Patterning chemical functionality with textured PDMS films and stamps

  1. Place ~1 cm2 pieces of sandpaper from several different grits together in a petri dish, making sure the pieces do not overlap. This will become the template for the PDMS.
  2. Into a disposable weigh boat, measure out a few grams of the PDMS elastomer, and suffient quantities of the curing agent to make a 10 to 1 mixture by weight of the elastomer to the curing agent.The elastomer is very sticky and very messy, so be patient!
  3. With a disposable toothpick, liberally mix the elastomer and curing agent together.Note that several bubbles and air pockets will form in the mixture.

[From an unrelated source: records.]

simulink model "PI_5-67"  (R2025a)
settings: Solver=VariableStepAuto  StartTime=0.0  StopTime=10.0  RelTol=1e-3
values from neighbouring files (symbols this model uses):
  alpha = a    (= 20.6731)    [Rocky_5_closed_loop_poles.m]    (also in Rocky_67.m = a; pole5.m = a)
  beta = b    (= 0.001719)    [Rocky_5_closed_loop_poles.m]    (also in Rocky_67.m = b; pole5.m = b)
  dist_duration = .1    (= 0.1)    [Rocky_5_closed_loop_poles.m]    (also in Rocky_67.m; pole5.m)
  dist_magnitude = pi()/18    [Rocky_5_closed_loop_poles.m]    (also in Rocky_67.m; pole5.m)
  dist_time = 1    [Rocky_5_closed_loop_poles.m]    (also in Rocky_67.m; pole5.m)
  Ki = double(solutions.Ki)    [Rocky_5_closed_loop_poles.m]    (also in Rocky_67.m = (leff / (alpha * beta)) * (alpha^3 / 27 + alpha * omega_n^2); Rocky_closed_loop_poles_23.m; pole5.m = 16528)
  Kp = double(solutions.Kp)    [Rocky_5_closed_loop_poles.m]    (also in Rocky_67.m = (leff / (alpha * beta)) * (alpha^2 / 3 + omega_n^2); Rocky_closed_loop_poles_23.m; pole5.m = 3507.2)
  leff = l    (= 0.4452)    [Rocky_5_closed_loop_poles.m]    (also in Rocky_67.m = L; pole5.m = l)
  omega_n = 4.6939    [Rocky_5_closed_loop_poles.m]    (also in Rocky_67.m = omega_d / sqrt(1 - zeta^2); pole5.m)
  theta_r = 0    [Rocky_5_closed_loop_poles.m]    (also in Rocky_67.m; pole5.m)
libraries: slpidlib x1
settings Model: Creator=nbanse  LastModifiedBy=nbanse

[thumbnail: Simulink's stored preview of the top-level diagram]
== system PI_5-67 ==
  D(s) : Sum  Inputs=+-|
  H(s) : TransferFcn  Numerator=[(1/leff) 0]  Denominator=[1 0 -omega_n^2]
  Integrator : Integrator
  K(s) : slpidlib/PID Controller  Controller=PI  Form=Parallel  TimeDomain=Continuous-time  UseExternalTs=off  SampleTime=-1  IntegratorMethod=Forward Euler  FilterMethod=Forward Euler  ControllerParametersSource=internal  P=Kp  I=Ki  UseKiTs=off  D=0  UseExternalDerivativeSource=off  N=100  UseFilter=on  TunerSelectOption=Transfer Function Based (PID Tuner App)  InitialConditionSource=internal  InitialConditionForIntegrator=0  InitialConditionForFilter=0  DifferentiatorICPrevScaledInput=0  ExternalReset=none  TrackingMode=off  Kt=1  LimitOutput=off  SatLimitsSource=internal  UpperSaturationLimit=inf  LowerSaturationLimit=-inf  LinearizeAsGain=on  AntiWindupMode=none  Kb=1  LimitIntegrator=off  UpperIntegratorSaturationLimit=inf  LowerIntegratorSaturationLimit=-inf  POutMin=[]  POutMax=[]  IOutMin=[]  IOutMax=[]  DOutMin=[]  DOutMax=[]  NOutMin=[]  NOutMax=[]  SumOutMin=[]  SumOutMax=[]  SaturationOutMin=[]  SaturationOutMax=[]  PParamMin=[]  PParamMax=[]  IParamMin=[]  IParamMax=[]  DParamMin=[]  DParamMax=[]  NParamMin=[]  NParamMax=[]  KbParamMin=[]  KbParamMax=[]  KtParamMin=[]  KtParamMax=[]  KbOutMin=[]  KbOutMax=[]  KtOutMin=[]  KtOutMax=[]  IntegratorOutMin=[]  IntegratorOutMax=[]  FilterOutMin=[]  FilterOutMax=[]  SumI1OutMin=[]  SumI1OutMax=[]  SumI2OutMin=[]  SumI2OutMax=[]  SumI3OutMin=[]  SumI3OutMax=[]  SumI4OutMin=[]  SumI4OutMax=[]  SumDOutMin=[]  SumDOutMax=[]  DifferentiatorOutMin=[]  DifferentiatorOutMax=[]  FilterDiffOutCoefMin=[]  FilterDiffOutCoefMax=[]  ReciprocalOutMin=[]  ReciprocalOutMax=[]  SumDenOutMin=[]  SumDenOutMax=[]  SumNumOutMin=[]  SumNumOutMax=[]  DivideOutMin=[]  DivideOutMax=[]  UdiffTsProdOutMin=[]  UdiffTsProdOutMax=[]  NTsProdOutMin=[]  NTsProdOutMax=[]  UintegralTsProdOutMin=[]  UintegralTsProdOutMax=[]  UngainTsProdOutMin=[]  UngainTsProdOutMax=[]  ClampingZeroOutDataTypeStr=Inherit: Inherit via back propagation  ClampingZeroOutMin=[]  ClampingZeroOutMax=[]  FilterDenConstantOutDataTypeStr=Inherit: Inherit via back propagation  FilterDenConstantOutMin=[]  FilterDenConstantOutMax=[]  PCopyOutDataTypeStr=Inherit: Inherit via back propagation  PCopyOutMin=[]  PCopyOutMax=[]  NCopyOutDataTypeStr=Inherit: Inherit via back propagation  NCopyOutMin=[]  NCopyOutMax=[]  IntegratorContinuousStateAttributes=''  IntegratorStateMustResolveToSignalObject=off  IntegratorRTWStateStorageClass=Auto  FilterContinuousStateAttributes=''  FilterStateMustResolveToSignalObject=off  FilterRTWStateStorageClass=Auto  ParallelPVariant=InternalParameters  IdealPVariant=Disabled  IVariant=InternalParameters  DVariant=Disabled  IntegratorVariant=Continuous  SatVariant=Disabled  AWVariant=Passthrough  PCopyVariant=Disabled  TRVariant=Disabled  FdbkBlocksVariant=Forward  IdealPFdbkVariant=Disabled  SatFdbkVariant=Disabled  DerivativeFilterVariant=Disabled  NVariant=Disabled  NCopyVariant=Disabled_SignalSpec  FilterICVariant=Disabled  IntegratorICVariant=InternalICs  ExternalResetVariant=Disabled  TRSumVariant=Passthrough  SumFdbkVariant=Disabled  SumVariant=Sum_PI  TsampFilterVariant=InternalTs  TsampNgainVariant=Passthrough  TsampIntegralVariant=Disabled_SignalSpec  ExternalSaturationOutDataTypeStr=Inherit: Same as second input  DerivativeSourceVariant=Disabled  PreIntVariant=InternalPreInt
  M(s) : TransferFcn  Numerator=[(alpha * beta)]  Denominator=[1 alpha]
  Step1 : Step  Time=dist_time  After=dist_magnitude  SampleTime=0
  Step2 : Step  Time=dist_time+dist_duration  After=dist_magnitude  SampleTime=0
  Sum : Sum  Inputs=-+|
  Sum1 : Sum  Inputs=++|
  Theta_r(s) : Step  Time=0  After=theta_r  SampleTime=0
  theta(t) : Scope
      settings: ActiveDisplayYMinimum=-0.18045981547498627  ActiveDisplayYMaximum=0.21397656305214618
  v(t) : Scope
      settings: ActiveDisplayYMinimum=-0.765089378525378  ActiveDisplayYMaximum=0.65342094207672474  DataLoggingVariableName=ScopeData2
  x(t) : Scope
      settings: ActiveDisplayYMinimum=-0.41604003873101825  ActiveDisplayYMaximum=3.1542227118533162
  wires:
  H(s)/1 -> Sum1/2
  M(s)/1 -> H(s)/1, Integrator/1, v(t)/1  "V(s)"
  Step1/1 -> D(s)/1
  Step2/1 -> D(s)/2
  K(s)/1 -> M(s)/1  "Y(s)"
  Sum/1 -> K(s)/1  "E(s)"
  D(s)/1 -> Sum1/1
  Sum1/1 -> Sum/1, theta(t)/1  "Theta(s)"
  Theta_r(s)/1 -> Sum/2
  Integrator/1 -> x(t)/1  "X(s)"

  4. With the toothpick, spread a film of the elastomer mixture over each of the pieces of sandpaper.The next step (vacuum pumping to remove air bubbles) will be more challenging if the elastomer gets trapped between the sandpaper pieces and the petri dish.
  5. (Note: your instructor will help you with this!) Place the petri dish with the elastomer-coated sandpaper samples in to a vacuum desiccator that is connected to a vacuum roughing pump. Gently open the valve between the desiccator and the vacuum pump.  As the pressure in the desiccator drops, air pockets and dissolved gases in the elastomer will bubble to the surface and be similarly pumped away.  If the pressure drops too quickly, the action of the bubbles may be unpredictable, so be patient!
  6. With the elastomer sufficiently degased (no more bubbles appearing under vacuum), close the valve to the pump and gently open the desiccator to air. Place the petri dishes on to a hot plate for curing.  The Sylgard 184 that we use will cure in about 2 days at room temperature, 45 minutes at 100 °C, 20 minutes at 125 °C, and 10 minutes at 150 °C.
  7. When sufficiently cured and cooled, lift the PDMS off of the sandpaper samples and place face up in to a cleaned petri dish.As with the thiol-functionalized silver mirrors, explore the contact angle of water droplets on your PDMS films.  Characterize the behavior and relationships between sandpaper grit, and the resulting droplet contact angle.  Use a camera to capture any images that may assist your analysis.